* **WORK TO COMPLETE**
From the line containing "#84=ORIENTED_EDGE('',*,*,#83,.F.);" down to the line containing "#96=DIRECTION('',(1.,0.,0.));" in the records below, reproduce every line exactly, ends included, and omit all others.

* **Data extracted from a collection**
--
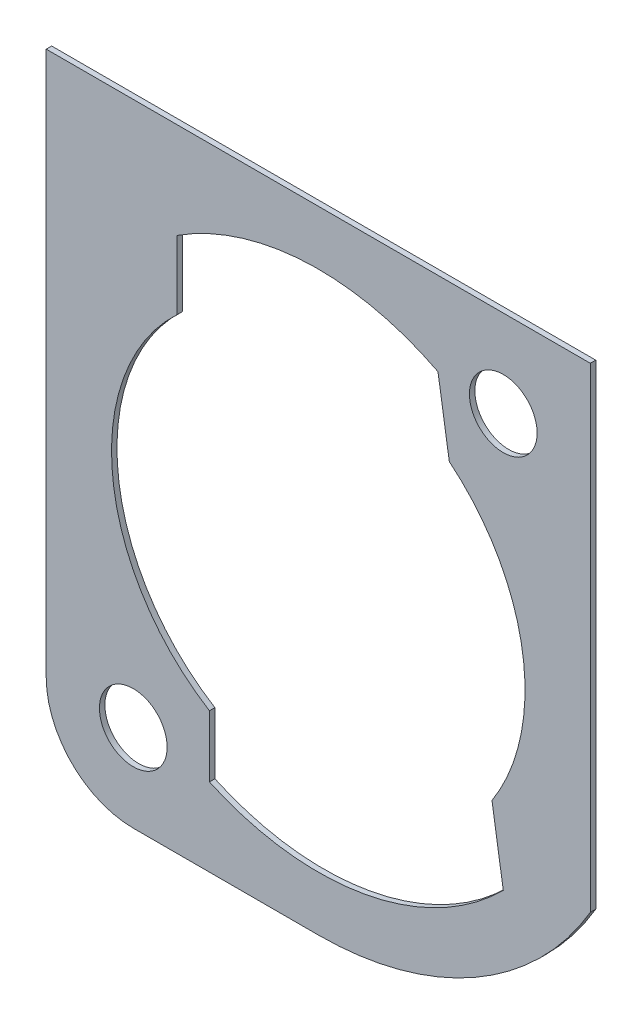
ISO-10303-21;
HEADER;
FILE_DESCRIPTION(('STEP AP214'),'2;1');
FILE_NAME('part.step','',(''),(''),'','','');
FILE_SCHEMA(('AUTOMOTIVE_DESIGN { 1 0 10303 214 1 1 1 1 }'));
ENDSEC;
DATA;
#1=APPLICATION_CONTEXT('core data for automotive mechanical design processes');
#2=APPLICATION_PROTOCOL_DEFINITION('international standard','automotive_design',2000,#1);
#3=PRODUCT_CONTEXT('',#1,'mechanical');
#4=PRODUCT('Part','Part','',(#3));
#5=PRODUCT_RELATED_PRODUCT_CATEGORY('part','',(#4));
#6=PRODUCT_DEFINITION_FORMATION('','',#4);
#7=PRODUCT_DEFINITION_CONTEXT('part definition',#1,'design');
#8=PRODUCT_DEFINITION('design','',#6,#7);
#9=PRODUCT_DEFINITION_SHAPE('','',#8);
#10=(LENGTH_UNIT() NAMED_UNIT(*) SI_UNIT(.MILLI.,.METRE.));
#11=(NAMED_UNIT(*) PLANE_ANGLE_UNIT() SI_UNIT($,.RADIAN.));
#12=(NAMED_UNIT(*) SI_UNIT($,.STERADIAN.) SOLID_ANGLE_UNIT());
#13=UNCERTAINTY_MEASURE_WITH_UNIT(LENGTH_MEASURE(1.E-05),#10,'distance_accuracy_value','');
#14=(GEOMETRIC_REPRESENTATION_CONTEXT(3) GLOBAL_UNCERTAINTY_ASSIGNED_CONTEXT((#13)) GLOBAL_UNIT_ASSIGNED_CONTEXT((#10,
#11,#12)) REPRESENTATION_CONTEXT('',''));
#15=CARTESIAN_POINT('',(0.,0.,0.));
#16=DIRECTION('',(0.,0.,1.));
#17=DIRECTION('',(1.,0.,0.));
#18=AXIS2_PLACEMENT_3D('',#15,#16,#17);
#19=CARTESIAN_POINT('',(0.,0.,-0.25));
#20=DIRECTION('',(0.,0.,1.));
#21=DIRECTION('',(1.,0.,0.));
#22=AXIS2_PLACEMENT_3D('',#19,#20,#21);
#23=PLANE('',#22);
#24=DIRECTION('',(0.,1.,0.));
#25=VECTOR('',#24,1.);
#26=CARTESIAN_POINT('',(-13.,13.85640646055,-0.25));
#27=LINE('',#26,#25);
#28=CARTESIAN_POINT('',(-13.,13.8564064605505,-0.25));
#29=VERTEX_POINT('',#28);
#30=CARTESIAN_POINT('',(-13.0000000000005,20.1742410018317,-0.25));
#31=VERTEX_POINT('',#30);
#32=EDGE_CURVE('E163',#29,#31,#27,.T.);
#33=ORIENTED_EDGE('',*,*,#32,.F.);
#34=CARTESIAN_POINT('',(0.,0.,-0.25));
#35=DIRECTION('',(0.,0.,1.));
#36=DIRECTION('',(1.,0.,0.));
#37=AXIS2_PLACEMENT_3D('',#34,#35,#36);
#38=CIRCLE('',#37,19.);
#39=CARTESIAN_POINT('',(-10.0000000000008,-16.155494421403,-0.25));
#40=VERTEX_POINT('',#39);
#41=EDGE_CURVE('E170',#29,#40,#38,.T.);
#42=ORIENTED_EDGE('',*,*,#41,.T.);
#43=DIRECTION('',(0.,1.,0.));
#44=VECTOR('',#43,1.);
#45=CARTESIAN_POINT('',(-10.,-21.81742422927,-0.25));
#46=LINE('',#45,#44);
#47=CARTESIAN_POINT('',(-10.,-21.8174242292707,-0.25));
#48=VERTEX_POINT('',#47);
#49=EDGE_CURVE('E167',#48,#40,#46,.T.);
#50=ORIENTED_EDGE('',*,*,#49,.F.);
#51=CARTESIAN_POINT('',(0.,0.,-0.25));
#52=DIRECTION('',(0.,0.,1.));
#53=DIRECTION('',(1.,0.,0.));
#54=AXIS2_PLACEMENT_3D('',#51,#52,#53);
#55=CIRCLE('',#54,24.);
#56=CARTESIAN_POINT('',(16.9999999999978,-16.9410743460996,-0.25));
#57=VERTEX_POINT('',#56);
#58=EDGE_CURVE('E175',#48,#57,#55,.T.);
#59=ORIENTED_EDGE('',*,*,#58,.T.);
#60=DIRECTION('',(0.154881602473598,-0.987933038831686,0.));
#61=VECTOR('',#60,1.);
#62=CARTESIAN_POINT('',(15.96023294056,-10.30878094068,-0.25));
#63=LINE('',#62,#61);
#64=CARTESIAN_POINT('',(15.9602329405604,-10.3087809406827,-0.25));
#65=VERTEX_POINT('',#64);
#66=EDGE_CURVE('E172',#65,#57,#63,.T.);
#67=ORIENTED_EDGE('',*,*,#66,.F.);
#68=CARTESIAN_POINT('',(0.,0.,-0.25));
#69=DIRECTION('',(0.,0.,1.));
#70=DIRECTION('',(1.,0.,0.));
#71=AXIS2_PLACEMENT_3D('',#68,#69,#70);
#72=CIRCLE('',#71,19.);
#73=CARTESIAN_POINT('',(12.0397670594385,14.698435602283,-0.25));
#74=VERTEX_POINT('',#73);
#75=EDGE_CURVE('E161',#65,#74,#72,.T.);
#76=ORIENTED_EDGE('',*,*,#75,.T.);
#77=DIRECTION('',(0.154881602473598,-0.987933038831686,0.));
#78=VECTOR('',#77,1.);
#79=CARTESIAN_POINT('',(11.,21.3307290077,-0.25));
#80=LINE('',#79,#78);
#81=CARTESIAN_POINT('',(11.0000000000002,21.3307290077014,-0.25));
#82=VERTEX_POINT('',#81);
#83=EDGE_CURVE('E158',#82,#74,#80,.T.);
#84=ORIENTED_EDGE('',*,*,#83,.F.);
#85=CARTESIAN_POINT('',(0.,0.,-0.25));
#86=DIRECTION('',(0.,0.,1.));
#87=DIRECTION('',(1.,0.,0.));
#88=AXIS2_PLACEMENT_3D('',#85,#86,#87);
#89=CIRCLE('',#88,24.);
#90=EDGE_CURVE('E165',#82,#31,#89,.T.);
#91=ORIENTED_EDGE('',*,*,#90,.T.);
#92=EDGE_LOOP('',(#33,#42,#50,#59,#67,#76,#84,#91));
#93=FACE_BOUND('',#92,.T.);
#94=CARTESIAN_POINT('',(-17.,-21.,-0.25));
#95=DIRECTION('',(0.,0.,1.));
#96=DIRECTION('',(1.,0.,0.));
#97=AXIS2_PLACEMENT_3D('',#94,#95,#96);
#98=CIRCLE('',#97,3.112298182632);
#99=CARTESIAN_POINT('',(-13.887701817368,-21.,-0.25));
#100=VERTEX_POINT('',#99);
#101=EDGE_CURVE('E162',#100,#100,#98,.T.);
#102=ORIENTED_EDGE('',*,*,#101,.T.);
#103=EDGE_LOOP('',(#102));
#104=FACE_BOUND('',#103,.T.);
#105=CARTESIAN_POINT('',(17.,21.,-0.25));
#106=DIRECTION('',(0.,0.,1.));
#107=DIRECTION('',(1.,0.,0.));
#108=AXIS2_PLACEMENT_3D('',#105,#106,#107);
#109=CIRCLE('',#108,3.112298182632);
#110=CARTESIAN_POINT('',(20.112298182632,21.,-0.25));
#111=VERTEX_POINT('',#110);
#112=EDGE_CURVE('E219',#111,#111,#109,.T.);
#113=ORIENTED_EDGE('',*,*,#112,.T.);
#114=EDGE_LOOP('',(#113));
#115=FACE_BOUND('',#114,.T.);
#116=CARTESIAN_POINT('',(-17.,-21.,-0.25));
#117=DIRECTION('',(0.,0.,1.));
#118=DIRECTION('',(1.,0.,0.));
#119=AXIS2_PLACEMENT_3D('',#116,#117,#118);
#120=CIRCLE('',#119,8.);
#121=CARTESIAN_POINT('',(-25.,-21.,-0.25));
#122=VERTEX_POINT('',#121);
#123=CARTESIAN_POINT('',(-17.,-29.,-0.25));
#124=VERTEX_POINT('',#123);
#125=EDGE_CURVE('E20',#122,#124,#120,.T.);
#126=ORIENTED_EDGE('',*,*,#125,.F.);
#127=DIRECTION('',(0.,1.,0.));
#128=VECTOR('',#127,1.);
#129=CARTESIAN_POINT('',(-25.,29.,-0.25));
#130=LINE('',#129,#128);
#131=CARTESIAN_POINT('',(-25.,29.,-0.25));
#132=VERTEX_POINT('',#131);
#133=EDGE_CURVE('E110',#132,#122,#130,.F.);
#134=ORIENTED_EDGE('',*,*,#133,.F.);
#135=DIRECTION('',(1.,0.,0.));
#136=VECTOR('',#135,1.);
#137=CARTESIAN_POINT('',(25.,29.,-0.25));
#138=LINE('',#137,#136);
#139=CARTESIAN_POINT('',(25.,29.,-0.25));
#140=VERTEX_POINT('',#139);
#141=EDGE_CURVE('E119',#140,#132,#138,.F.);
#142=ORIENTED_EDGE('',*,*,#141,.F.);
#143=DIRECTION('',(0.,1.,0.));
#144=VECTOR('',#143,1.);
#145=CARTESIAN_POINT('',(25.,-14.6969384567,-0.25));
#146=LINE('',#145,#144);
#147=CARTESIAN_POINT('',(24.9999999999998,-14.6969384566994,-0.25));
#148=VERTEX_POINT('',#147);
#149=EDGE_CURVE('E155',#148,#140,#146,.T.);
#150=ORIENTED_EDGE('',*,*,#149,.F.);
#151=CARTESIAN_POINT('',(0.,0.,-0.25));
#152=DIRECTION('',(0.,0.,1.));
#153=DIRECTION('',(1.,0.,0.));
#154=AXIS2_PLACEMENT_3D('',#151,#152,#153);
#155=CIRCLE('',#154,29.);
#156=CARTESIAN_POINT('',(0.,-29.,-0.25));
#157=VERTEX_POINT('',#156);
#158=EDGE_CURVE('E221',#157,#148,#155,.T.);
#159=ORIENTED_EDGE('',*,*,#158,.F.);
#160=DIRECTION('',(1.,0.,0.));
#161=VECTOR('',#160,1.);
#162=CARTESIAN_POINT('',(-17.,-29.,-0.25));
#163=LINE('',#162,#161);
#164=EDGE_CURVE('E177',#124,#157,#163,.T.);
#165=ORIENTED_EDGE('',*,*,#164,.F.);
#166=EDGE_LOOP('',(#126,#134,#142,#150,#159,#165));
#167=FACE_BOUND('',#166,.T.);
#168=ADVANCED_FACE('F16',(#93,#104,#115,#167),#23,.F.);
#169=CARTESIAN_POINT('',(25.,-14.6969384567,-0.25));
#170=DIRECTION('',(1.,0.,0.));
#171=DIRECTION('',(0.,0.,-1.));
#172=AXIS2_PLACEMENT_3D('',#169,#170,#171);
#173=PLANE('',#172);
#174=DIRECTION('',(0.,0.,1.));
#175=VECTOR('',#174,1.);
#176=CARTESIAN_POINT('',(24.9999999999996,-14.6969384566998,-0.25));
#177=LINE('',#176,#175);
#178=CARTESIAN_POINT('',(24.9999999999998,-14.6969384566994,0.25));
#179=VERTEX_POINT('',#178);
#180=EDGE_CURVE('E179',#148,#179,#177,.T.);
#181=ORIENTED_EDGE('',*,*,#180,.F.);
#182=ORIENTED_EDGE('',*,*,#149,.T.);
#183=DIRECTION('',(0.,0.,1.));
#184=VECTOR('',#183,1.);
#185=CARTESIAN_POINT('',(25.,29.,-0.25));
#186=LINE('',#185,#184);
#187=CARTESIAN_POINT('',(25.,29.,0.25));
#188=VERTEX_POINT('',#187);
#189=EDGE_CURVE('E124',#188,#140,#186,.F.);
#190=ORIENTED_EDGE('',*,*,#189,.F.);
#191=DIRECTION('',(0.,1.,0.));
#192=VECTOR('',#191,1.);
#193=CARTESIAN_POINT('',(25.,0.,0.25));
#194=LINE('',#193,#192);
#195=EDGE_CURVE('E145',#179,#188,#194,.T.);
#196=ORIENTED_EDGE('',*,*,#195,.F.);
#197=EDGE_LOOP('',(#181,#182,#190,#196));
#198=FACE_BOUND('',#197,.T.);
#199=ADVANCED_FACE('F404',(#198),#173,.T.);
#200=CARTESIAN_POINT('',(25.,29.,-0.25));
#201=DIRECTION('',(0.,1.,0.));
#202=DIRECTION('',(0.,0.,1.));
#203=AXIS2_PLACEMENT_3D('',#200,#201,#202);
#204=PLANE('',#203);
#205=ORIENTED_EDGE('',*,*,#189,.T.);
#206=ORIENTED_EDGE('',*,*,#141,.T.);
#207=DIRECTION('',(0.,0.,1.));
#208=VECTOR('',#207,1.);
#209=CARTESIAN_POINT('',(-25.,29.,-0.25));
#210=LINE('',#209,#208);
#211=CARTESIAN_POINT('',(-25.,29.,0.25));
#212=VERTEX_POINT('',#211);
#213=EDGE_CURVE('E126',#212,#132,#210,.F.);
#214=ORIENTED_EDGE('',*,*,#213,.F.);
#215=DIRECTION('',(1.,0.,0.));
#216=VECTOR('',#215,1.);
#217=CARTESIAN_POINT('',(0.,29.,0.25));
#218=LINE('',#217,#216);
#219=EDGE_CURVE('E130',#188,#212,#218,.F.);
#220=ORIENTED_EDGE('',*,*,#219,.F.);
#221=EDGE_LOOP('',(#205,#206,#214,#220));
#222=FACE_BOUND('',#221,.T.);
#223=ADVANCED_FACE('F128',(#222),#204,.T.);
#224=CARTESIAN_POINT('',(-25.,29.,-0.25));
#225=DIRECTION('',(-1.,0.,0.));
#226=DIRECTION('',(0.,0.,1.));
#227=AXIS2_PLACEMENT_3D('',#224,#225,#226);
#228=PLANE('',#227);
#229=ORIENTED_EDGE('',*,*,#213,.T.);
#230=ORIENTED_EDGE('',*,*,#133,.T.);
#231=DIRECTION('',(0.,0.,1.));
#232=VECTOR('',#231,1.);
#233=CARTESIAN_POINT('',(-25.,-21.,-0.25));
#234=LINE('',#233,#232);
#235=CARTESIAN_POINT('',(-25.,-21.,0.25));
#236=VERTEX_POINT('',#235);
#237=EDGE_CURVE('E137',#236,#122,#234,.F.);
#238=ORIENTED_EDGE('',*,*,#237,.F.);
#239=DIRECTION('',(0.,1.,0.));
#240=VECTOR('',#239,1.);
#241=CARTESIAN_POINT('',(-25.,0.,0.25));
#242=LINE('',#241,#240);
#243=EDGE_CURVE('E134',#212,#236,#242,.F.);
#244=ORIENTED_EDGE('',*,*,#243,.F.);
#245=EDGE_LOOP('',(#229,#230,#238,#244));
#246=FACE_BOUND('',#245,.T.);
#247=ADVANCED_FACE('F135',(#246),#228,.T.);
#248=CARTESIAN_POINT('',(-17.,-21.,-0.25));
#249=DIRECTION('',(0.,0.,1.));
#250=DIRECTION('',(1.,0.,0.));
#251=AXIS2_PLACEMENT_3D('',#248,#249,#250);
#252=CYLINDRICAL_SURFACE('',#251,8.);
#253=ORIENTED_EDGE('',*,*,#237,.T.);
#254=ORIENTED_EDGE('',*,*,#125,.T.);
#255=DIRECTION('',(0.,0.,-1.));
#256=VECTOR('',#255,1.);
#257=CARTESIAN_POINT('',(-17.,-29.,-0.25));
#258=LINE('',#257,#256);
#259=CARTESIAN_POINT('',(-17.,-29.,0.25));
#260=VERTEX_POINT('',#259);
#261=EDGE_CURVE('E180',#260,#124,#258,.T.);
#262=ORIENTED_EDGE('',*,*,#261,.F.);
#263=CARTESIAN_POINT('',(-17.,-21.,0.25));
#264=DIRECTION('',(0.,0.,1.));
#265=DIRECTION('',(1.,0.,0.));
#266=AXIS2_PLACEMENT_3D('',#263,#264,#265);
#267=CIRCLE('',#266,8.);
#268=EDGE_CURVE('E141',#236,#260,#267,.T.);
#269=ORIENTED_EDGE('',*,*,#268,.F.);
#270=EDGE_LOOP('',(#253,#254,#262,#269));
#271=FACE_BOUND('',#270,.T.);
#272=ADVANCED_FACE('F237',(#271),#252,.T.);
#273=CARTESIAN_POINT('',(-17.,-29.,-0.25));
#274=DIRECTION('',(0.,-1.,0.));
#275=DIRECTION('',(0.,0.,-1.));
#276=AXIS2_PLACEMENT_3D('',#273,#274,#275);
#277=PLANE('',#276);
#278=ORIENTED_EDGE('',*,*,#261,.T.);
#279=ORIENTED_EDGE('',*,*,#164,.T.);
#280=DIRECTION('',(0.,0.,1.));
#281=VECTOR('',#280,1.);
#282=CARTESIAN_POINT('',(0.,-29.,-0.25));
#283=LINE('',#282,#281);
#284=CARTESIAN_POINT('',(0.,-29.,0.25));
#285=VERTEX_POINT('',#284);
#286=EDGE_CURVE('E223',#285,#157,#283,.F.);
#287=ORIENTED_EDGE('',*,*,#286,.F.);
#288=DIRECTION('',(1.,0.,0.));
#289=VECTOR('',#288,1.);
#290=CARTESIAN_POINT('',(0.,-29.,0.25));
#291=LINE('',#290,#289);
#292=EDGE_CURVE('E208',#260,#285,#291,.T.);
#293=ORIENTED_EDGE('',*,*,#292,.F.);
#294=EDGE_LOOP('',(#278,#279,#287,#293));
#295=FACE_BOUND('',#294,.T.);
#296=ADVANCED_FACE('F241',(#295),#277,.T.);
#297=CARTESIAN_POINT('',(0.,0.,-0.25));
--
* **RESPONSE**
#84=ORIENTED_EDGE('',*,*,#83,.F.);
#85=CARTESIAN_POINT('',(0.,0.,-0.25));
#86=DIRECTION('',(0.,0.,1.));
#87=DIRECTION('',(1.,0.,0.));
#88=AXIS2_PLACEMENT_3D('',#85,#86,#87);
#89=CIRCLE('',#88,24.);
#90=EDGE_CURVE('E165',#82,#31,#89,.T.);
#91=ORIENTED_EDGE('',*,*,#90,.T.);
#92=EDGE_LOOP('',(#33,#42,#50,#59,#67,#76,#84,#91));
#93=FACE_BOUND('',#92,.T.);
#94=CARTESIAN_POINT('',(-17.,-21.,-0.25));
#95=DIRECTION('',(0.,0.,1.));
#96=DIRECTION('',(1.,0.,0.));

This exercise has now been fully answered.